There's however another fact to verify, namely that $\mathfrak{p}R_{\mathfrak{p}}\ne R_{\mathfrak{p}}$. This is equivalent to showing that $1/1\notin\mathfrak{p}R_{\mathfrak{p}}$. Suppose the contrary; then $$ \frac{1}{1}=\frac{r}{s} $$ for some $r\in\mathfrak{p}$ and $s\in R-\mathfrak{p}$. This amounts to saying that there exists $t\in R-\mathfrak{p}$ such that $(s-r)t=0$, that is, $rt=st$ which is impossible because $rt\in\mathfrak{p}$ and $st\notin\mathfrak{p}$, the latter due to $\mathfrak{p}$ being a prime ideal and $s,t\notin\mathfrak{p}$.

Answer 2

As @jgon said, if not, then $\mathfrak q$ contains a unit in $R_{\mathfrak p}$.

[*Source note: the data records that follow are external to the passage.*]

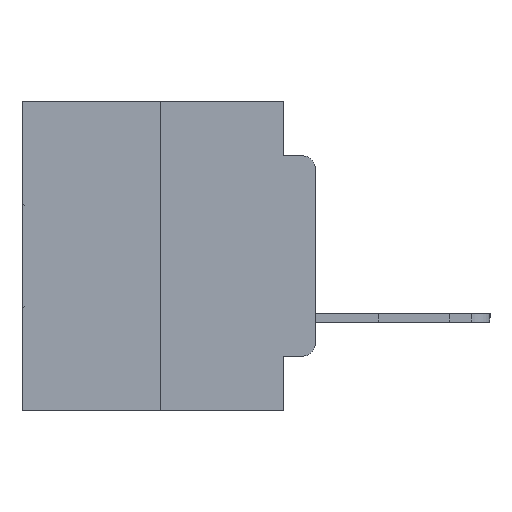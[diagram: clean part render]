
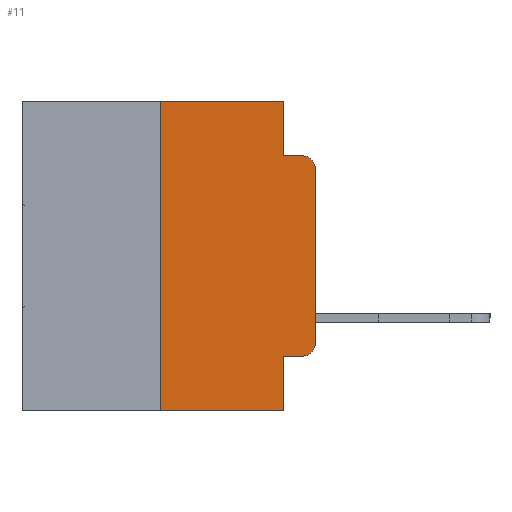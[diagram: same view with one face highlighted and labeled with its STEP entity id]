
A CAD part, left-side view. The second image highlights one B-rep face of the part: STEP entity #11.
In plain terms, the highlighted planar face has unit normal (-1, 0, 0).
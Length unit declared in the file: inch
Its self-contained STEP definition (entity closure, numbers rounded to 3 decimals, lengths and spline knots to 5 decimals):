
#11 = ADVANCED_FACE ( 'NONE', ( #8025 ), #3783, .F. ) ;
#323 = CARTESIAN_POINT ( 'NONE',  ( 0., 0., -0.1085 ) ) ;
#576 = CARTESIAN_POINT ( 'NONE',  ( 0., 0.02, -0.0885 ) ) ;
#1455 = LINE ( 'NONE', #1602, #7178 ) ;
#1565 = CARTESIAN_POINT ( 'NONE',  ( 0., 0.051, -0.5 ) ) ;
#1602 = CARTESIAN_POINT ( 'NONE',  ( 0., 0.051, -0.0885 ) ) ;
#1800 = VECTOR ( 'NONE', #26593, 39.37008 ) ;
#2025 = VECTOR ( 'NONE', #19343, 39.37008 ) ;
#2080 = ORIENTED_EDGE ( 'NONE', *, *, #24078, .F. ) ;
#2796 = LINE ( 'NONE', #9609, #2025 ) ;
#2929 = CARTESIAN_POINT ( 'NONE',  ( 0., 0.25, 0. ) ) ;
#3628 = ORIENTED_EDGE ( 'NONE', *, *, #8531, .F. ) ;
#3783 = PLANE ( 'NONE',  #28264 ) ;
#3968 = CARTESIAN_POINT ( 'NONE',  ( 0., 0., -0.3915 ) ) ;
#4065 = DIRECTION ( 'NONE',  ( 0., -1., 0. ) ) ;
#4430 = EDGE_CURVE ( 'NONE', #6587, #27908, #16424, .T. ) ;
#5550 = EDGE_CURVE ( 'NONE', #25482, #18664, #11780, .T. ) ;
#5716 = EDGE_CURVE ( 'NONE', #6568, #10797, #1455, .T. ) ;
#5775 = CARTESIAN_POINT ( 'NONE',  ( 0., 0.25, 0. ) ) ;
#5905 = ORIENTED_EDGE ( 'NONE', *, *, #4430, .T. ) ;
#6278 = ORIENTED_EDGE ( 'NONE', *, *, #29971, .T. ) ;
#6530 = CARTESIAN_POINT ( 'NONE',  ( 0., 0.02, -0.3915 ) ) ;
#6568 = VERTEX_POINT ( 'NONE', #30386 ) ;
#6587 = VERTEX_POINT ( 'NONE', #25820 ) ;
#6950 = DIRECTION ( 'NONE',  ( 0., 0., -1. ) ) ;
#7178 = VECTOR ( 'NONE', #4065, 39.37008 ) ;
#8025 = FACE_OUTER_BOUND ( 'NONE', #29363, .T. ) ;
#8183 = CARTESIAN_POINT ( 'NONE',  ( 0., 0.473, 0. ) ) ;
#8316 = CARTESIAN_POINT ( 'NONE',  ( 0., 0.051, 0. ) ) ;
#8362 = VECTOR ( 'NONE', #17846, 39.37008 ) ;
#8366 = VERTEX_POINT ( 'NONE', #323 ) ;
#8531 = EDGE_CURVE ( 'NONE', #25482, #16765, #18369, .T. ) ;
#8930 = DIRECTION ( 'NONE',  ( 0., 0., -1. ) ) ;
#9117 = CIRCLE ( 'NONE', #30485, 0.02 ) ;
#9609 = CARTESIAN_POINT ( 'NONE',  ( 0., 0.051, 0. ) ) ;
#10728 = VECTOR ( 'NONE', #11982, 39.37008 ) ;
#10797 = VERTEX_POINT ( 'NONE', #576 ) ;
#11195 = DIRECTION ( 'NONE',  ( 1., 0., 0. ) ) ;
#11465 = LINE ( 'NONE', #27326, #20434 ) ;
#11780 = LINE ( 'NONE', #22756, #24643 ) ;
#11982 = DIRECTION ( 'NONE',  ( 0., -1., 0. ) ) ;
#12797 = CARTESIAN_POINT ( 'NONE',  ( 0., 0.02, -0.1085 ) ) ;
#12941 = DIRECTION ( 'NONE',  ( 0., -1., 0. ) ) ;
#13067 = EDGE_CURVE ( 'NONE', #27908, #16670, #9117, .T. ) ;
#14637 = LINE ( 'NONE', #24235, #1800 ) ;
#15233 = DIRECTION ( 'NONE',  ( 0., 0., -1. ) ) ;
#15497 = CARTESIAN_POINT ( 'NONE',  ( 0., 0.051, 0. ) ) ;
#15968 = EDGE_CURVE ( 'NONE', #16765, #30084, #11465, .T. ) ;
#16130 = CARTESIAN_POINT ( 'NONE',  ( 0., 0.02, -0.4115 ) ) ;
#16424 = LINE ( 'NONE', #16979, #10728 ) ;
#16670 = VERTEX_POINT ( 'NONE', #3968 ) ;
#16765 = VERTEX_POINT ( 'NONE', #2929 ) ;
#16979 = CARTESIAN_POINT ( 'NONE',  ( 0., 0.051, -0.4115 ) ) ;
#17213 = ORIENTED_EDGE ( 'NONE', *, *, #22028, .F. ) ;
#17599 = VECTOR ( 'NONE', #27380, 39.37008 ) ;
#17846 = DIRECTION ( 'NONE',  ( 0., 0., -1. ) ) ;
#18004 = DIRECTION ( 'NONE',  ( 0., -1., 0. ) ) ;
#18354 = ORIENTED_EDGE ( 'NONE', *, *, #23122, .T. ) ;
#18369 = LINE ( 'NONE', #5775, #17599 ) ;
#18664 = VERTEX_POINT ( 'NONE', #1565 ) ;
#18745 = ORIENTED_EDGE ( 'NONE', *, *, #13067, .T. ) ;
#19343 = DIRECTION ( 'NONE',  ( 0., 0., -1. ) ) ;
#20434 = VECTOR ( 'NONE', #12941, 39.37008 ) ;
#21166 = LINE ( 'NONE', #15497, #8362 ) ;
#21349 = ORIENTED_EDGE ( 'NONE', *, *, #15968, .F. ) ;
#22028 = EDGE_CURVE ( 'NONE', #6587, #18664, #21166, .T. ) ;
#22064 = AXIS2_PLACEMENT_3D ( 'NONE', #12797, #29511, #15233 ) ;
#22756 = CARTESIAN_POINT ( 'NONE',  ( 0., 0.473, -0.5 ) ) ;
#23122 = EDGE_CURVE ( 'NONE', #16670, #8366, #14637, .T. ) ;
#23387 = DIRECTION ( 'NONE',  ( -1., 0., 0. ) ) ;
#24078 = EDGE_CURVE ( 'NONE', #30084, #6568, #2796, .T. ) ;
#24235 = CARTESIAN_POINT ( 'NONE',  ( 0., 0., 0. ) ) ;
#24643 = VECTOR ( 'NONE', #18004, 39.37008 ) ;
#25480 = ORIENTED_EDGE ( 'NONE', *, *, #5716, .F. ) ;
#25482 = VERTEX_POINT ( 'NONE', #30617 ) ;
#25820 = CARTESIAN_POINT ( 'NONE',  ( 0., 0.051, -0.4115 ) ) ;
#26593 = DIRECTION ( 'NONE',  ( 0., 0., 1. ) ) ;
#27246 = CIRCLE ( 'NONE', #22064, 0.02 ) ;
#27326 = CARTESIAN_POINT ( 'NONE',  ( 0., 0.473, 0. ) ) ;
#27380 = DIRECTION ( 'NONE',  ( 0., 0., 1. ) ) ;
#27908 = VERTEX_POINT ( 'NONE', #16130 ) ;
#28264 = AXIS2_PLACEMENT_3D ( 'NONE', #8183, #11195, #6950 ) ;
#29099 = ORIENTED_EDGE ( 'NONE', *, *, #5550, .T. ) ;
#29363 = EDGE_LOOP ( 'NONE', ( #18354, #6278, #25480, #2080, #21349, #3628, #29099, #17213, #5905, #18745 ) ) ;
#29511 = DIRECTION ( 'NONE',  ( -1., 0., 0. ) ) ;
#29971 = EDGE_CURVE ( 'NONE', #8366, #10797, #27246, .T. ) ;
#30084 = VERTEX_POINT ( 'NONE', #8316 ) ;
#30386 = CARTESIAN_POINT ( 'NONE',  ( 0., 0.051, -0.0885 ) ) ;
#30485 = AXIS2_PLACEMENT_3D ( 'NONE', #6530, #23387, #8930 ) ;
#30617 = CARTESIAN_POINT ( 'NONE',  ( 0., 0.25, -0.5 ) ) ;

For commutative ring $R$ and multiplicative set $S$ on it, there's a bijection

{prime ideal in $R$ disjoint to $S$} $\to$ {prime ideal in $S^{-1}R$}, $\quad$ $\mathfrak p \mapsto S^{-1}\mathfrak p$

The reverse map is $\mathfrak q \mapsto \mathfrak q^c$.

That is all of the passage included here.